Data items
────────────────────

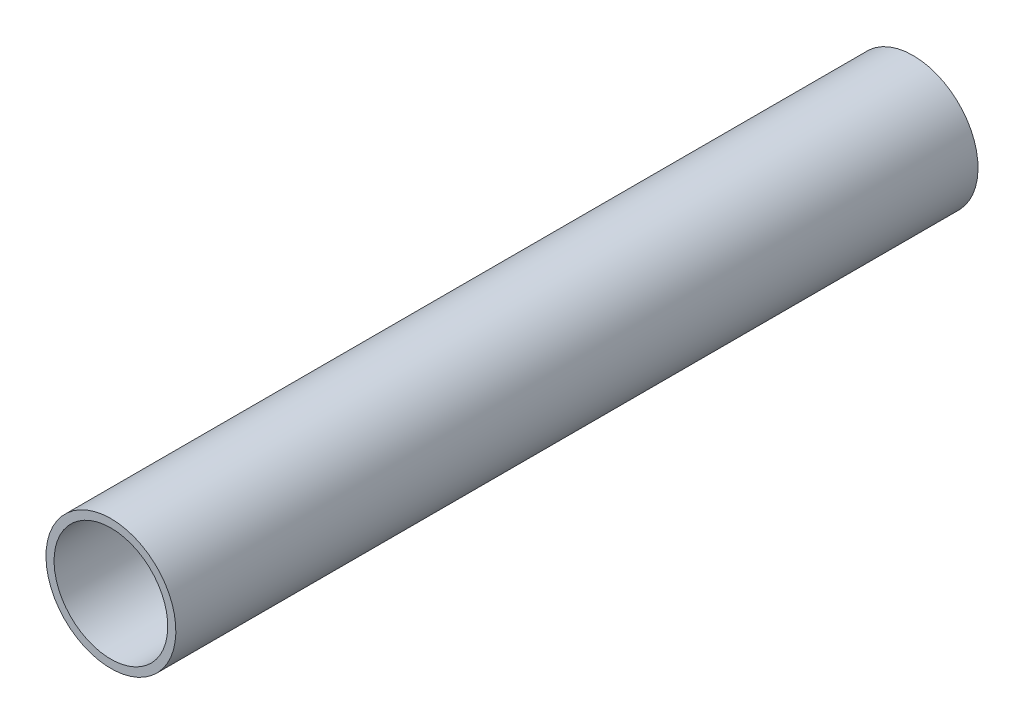
ISO-10303-21;
HEADER;
FILE_DESCRIPTION(('STEP AP214'),'2;1');
FILE_NAME('part.step','',(''),(''),'','','');
FILE_SCHEMA(('AUTOMOTIVE_DESIGN { 1 0 10303 214 1 1 1 1 }'));
ENDSEC;
DATA;
#1=APPLICATION_CONTEXT('core data for automotive mechanical design processes');
#2=APPLICATION_PROTOCOL_DEFINITION('international standard','automotive_design',2000,#1);
#3=PRODUCT_CONTEXT('',#1,'mechanical');
#4=PRODUCT('Part','Part','',(#3));
#5=PRODUCT_RELATED_PRODUCT_CATEGORY('part','',(#4));
#6=PRODUCT_DEFINITION_FORMATION('','',#4);
#7=PRODUCT_DEFINITION_CONTEXT('part definition',#1,'design');
#8=PRODUCT_DEFINITION('design','',#6,#7);
#9=PRODUCT_DEFINITION_SHAPE('','',#8);
#10=(LENGTH_UNIT() NAMED_UNIT(*) SI_UNIT(.MILLI.,.METRE.));
#11=(NAMED_UNIT(*) PLANE_ANGLE_UNIT() SI_UNIT($,.RADIAN.));
#12=(NAMED_UNIT(*) SI_UNIT($,.STERADIAN.) SOLID_ANGLE_UNIT());
#13=UNCERTAINTY_MEASURE_WITH_UNIT(LENGTH_MEASURE(1.E-05),#10,'distance_accuracy_value','');
#14=(GEOMETRIC_REPRESENTATION_CONTEXT(3) GLOBAL_UNCERTAINTY_ASSIGNED_CONTEXT((#13)) GLOBAL_UNIT_ASSIGNED_CONTEXT((#10,
#11,#12)) REPRESENTATION_CONTEXT('',''));
#15=CARTESIAN_POINT('',(0.,0.,0.));
#16=DIRECTION('',(0.,0.,1.));
#17=DIRECTION('',(1.,0.,0.));
#18=AXIS2_PLACEMENT_3D('',#15,#16,#17);
#19=CARTESIAN_POINT('',(0.,141.732,1000.));
#20=DIRECTION('',(0.,0.,1.));
#21=DIRECTION('',(0.,-1.,0.));
#22=AXIS2_PLACEMENT_3D('',#19,#20,#21);
#23=PLANE('',#22);
#24=CARTESIAN_POINT('',(0.,-1.27819932058934E-13,1000.));
#25=DIRECTION('',(0.,0.,-1.));
#26=DIRECTION('',(0.,1.,0.));
#27=AXIS2_PLACEMENT_3D('',#24,#25,#26);
#28=CIRCLE('',#27,141.732);
#29=CARTESIAN_POINT('',(0.,141.732,1000.));
#30=VERTEX_POINT('',#29);
#31=EDGE_CURVE('E52',#30,#30,#28,.T.);
#32=ORIENTED_EDGE('',*,*,#31,.T.);
#33=EDGE_LOOP('',(#32));
#34=FACE_BOUND('',#33,.T.);
#35=CARTESIAN_POINT('',(0.,-1.27819932058934E-13,1000.));
#36=DIRECTION('',(0.,0.,-1.));
#37=DIRECTION('',(0.,1.,0.));
#38=AXIS2_PLACEMENT_3D('',#35,#36,#37);
#39=CIRCLE('',#38,161.925);
#40=CARTESIAN_POINT('',(0.,161.925,1000.));
#41=VERTEX_POINT('',#40);
#42=EDGE_CURVE('E10',#41,#41,#39,.T.);
#43=ORIENTED_EDGE('',*,*,#42,.F.);
#44=EDGE_LOOP('',(#43));
#45=FACE_BOUND('',#44,.T.);
#46=ADVANCED_FACE('F38',(#34,#45),#23,.T.);
#47=CARTESIAN_POINT('',(0.,0.,-17.9701116569837));
#48=DIRECTION('',(0.,0.,-1.));
#49=DIRECTION('',(0.,1.,0.));
#50=AXIS2_PLACEMENT_3D('',#47,#48,#49);
#51=CYLINDRICAL_SURFACE('',#50,161.925);
#52=ORIENTED_EDGE('',*,*,#42,.T.);
#53=EDGE_LOOP('',(#52));
#54=FACE_BOUND('',#53,.T.);
#55=CARTESIAN_POINT('',(0.,1.23307150347989E-13,-1000.));
#56=DIRECTION('',(0.,0.,-1.));
#57=DIRECTION('',(0.,1.,0.));
#58=AXIS2_PLACEMENT_3D('',#55,#56,#57);
#59=CIRCLE('',#58,161.925);
#60=CARTESIAN_POINT('',(0.,161.925,-1000.));
#61=VERTEX_POINT('',#60);
#62=EDGE_CURVE('E44',#61,#61,#59,.T.);
#63=ORIENTED_EDGE('',*,*,#62,.F.);
#64=EDGE_LOOP('',(#63));
#65=FACE_BOUND('',#64,.T.);
#66=ADVANCED_FACE('F68',(#54,#65),#51,.T.);
#67=CARTESIAN_POINT('',(0.,141.732,-1000.));
#68=DIRECTION('',(0.,0.,-1.));
#69=DIRECTION('',(0.,1.,0.));
#70=AXIS2_PLACEMENT_3D('',#67,#68,#69);
#71=PLANE('',#70);
#72=ORIENTED_EDGE('',*,*,#62,.T.);
#73=EDGE_LOOP('',(#72));
#74=FACE_BOUND('',#73,.T.);
#75=CARTESIAN_POINT('',(0.,1.23307150347989E-13,-1000.));
#76=DIRECTION('',(0.,0.,-1.));
#77=DIRECTION('',(0.,1.,0.));
#78=AXIS2_PLACEMENT_3D('',#75,#76,#77);
#79=CIRCLE('',#78,141.732);
#80=CARTESIAN_POINT('',(0.,141.732,-1000.));
#81=VERTEX_POINT('',#80);
#82=EDGE_CURVE('E48',#81,#81,#79,.T.);
#83=ORIENTED_EDGE('',*,*,#82,.F.);
#84=EDGE_LOOP('',(#83));
#85=FACE_BOUND('',#84,.T.);
#86=ADVANCED_FACE('F62',(#74,#85),#71,.T.);
#87=CARTESIAN_POINT('',(0.,0.,-17.9701116569837));
#88=DIRECTION('',(0.,0.,-1.));
#89=DIRECTION('',(0.,1.,0.));
#90=AXIS2_PLACEMENT_3D('',#87,#88,#89);
#91=CYLINDRICAL_SURFACE('',#90,141.732);
#92=ORIENTED_EDGE('',*,*,#82,.T.);
#93=EDGE_LOOP('',(#92));
#94=FACE_BOUND('',#93,.T.);
#95=ORIENTED_EDGE('',*,*,#31,.F.);
#96=EDGE_LOOP('',(#95));
#97=FACE_BOUND('',#96,.T.);
#98=ADVANCED_FACE('F60',(#94,#97),#91,.F.);
#99=CLOSED_SHELL('',(#46,#66,#86,#98));
#100=MANIFOLD_SOLID_BREP('B2',#99);
#101=ADVANCED_BREP_SHAPE_REPRESENTATION('',(#18,#100),#14);
#102=SHAPE_DEFINITION_REPRESENTATION(#9,#101);
ENDSEC;
END-ISO-10303-21;

────────────────────

Every line of the records must come back unchanged, except that pictures are dropped.

Output of the task
ISO-10303-21;
HEADER;
FILE_DESCRIPTION(('STEP AP214'),'2;1');
FILE_NAME('part.step','',(''),(''),'','','');
FILE_SCHEMA(('AUTOMOTIVE_DESIGN { 1 0 10303 214 1 1 1 1 }'));
ENDSEC;
DATA;
#1=APPLICATION_CONTEXT('core data for automotive mechanical design processes');
#2=APPLICATION_PROTOCOL_DEFINITION('international standard','automotive_design',2000,#1);
#3=PRODUCT_CONTEXT('',#1,'mechanical');
#4=PRODUCT('Part','Part','',(#3));
#5=PRODUCT_RELATED_PRODUCT_CATEGORY('part','',(#4));
#6=PRODUCT_DEFINITION_FORMATION('','',#4);
#7=PRODUCT_DEFINITION_CONTEXT('part definition',#1,'design');
#8=PRODUCT_DEFINITION('design','',#6,#7);
#9=PRODUCT_DEFINITION_SHAPE('','',#8);
#10=(LENGTH_UNIT() NAMED_UNIT(*) SI_UNIT(.MILLI.,.METRE.));
#11=(NAMED_UNIT(*) PLANE_ANGLE_UNIT() SI_UNIT($,.RADIAN.));
#12=(NAMED_UNIT(*) SI_UNIT($,.STERADIAN.) SOLID_ANGLE_UNIT());
#13=UNCERTAINTY_MEASURE_WITH_UNIT(LENGTH_MEASURE(1.E-05),#10,'distance_accuracy_value','');
#14=(GEOMETRIC_REPRESENTATION_CONTEXT(3) GLOBAL_UNCERTAINTY_ASSIGNED_CONTEXT((#13)) GLOBAL_UNIT_ASSIGNED_CONTEXT((#10,
#11,#12)) REPRESENTATION_CONTEXT('',''));
#15=CARTESIAN_POINT('',(0.,0.,0.));
#16=DIRECTION('',(0.,0.,1.));
#17=DIRECTION('',(1.,0.,0.));
#18=AXIS2_PLACEMENT_3D('',#15,#16,#17);
#19=CARTESIAN_POINT('',(0.,141.732,1000.));
#20=DIRECTION('',(0.,0.,1.));
#21=DIRECTION('',(0.,-1.,0.));
#22=AXIS2_PLACEMENT_3D('',#19,#20,#21);
#23=PLANE('',#22);
#24=CARTESIAN_POINT('',(0.,-1.27819932058934E-13,1000.));
#25=DIRECTION('',(0.,0.,-1.));
#26=DIRECTION('',(0.,1.,0.));
#27=AXIS2_PLACEMENT_3D('',#24,#25,#26);
#28=CIRCLE('',#27,141.732);
#29=CARTESIAN_POINT('',(0.,141.732,1000.));
#30=VERTEX_POINT('',#29);
#31=EDGE_CURVE('E52',#30,#30,#28,.T.);
#32=ORIENTED_EDGE('',*,*,#31,.T.);
#33=EDGE_LOOP('',(#32));
#34=FACE_BOUND('',#33,.T.);
#35=CARTESIAN_POINT('',(0.,-1.27819932058934E-13,1000.));
#36=DIRECTION('',(0.,0.,-1.));
#37=DIRECTION('',(0.,1.,0.));
#38=AXIS2_PLACEMENT_3D('',#35,#36,#37);
#39=CIRCLE('',#38,161.925);
#40=CARTESIAN_POINT('',(0.,161.925,1000.));
#41=VERTEX_POINT('',#40);
#42=EDGE_CURVE('E10',#41,#41,#39,.T.);
#43=ORIENTED_EDGE('',*,*,#42,.F.);
#44=EDGE_LOOP('',(#43));
#45=FACE_BOUND('',#44,.T.);
#46=ADVANCED_FACE('F38',(#34,#45),#23,.T.);
#47=CARTESIAN_POINT('',(0.,0.,-17.9701116569837));
#48=DIRECTION('',(0.,0.,-1.));
#49=DIRECTION('',(0.,1.,0.));
#50=AXIS2_PLACEMENT_3D('',#47,#48,#49);
#51=CYLINDRICAL_SURFACE('',#50,161.925);
#52=ORIENTED_EDGE('',*,*,#42,.T.);
#53=EDGE_LOOP('',(#52));
#54=FACE_BOUND('',#53,.T.);
#55=CARTESIAN_POINT('',(0.,1.23307150347989E-13,-1000.));
#56=DIRECTION('',(0.,0.,-1.));
#57=DIRECTION('',(0.,1.,0.));
#58=AXIS2_PLACEMENT_3D('',#55,#56,#57);
#59=CIRCLE('',#58,161.925);
#60=CARTESIAN_POINT('',(0.,161.925,-1000.));
#61=VERTEX_POINT('',#60);
#62=EDGE_CURVE('E44',#61,#61,#59,.T.);
#63=ORIENTED_EDGE('',*,*,#62,.F.);
#64=EDGE_LOOP('',(#63));
#65=FACE_BOUND('',#64,.T.);
#66=ADVANCED_FACE('F68',(#54,#65),#51,.T.);
#67=CARTESIAN_POINT('',(0.,141.732,-1000.));
#68=DIRECTION('',(0.,0.,-1.));
#69=DIRECTION('',(0.,1.,0.));
#70=AXIS2_PLACEMENT_3D('',#67,#68,#69);
#71=PLANE('',#70);
#72=ORIENTED_EDGE('',*,*,#62,.T.);
#73=EDGE_LOOP('',(#72));
#74=FACE_BOUND('',#73,.T.);
#75=CARTESIAN_POINT('',(0.,1.23307150347989E-13,-1000.));
#76=DIRECTION('',(0.,0.,-1.));
#77=DIRECTION('',(0.,1.,0.));
#78=AXIS2_PLACEMENT_3D('',#75,#76,#77);
#79=CIRCLE('',#78,141.732);
#80=CARTESIAN_POINT('',(0.,141.732,-1000.));
#81=VERTEX_POINT('',#80);
#82=EDGE_CURVE('E48',#81,#81,#79,.T.);
#83=ORIENTED_EDGE('',*,*,#82,.F.);
#84=EDGE_LOOP('',(#83));
#85=FACE_BOUND('',#84,.T.);
#86=ADVANCED_FACE('F62',(#74,#85),#71,.T.);
#87=CARTESIAN_POINT('',(0.,0.,-17.9701116569837));
#88=DIRECTION('',(0.,0.,-1.));
#89=DIRECTION('',(0.,1.,0.));
#90=AXIS2_PLACEMENT_3D('',#87,#88,#89);
#91=CYLINDRICAL_SURFACE('',#90,141.732);
#92=ORIENTED_EDGE('',*,*,#82,.T.);
#93=EDGE_LOOP('',(#92));
#94=FACE_BOUND('',#93,.T.);
#95=ORIENTED_EDGE('',*,*,#31,.F.);
#96=EDGE_LOOP('',(#95));
#97=FACE_BOUND('',#96,.T.);
#98=ADVANCED_FACE('F60',(#94,#97),#91,.F.);
#99=CLOSED_SHELL('',(#46,#66,#86,#98));
#100=MANIFOLD_SOLID_BREP('B2',#99);
#101=ADVANCED_BREP_SHAPE_REPRESENTATION('',(#18,#100),#14);
#102=SHAPE_DEFINITION_REPRESENTATION(#9,#101);
ENDSEC;
END-ISO-10303-21;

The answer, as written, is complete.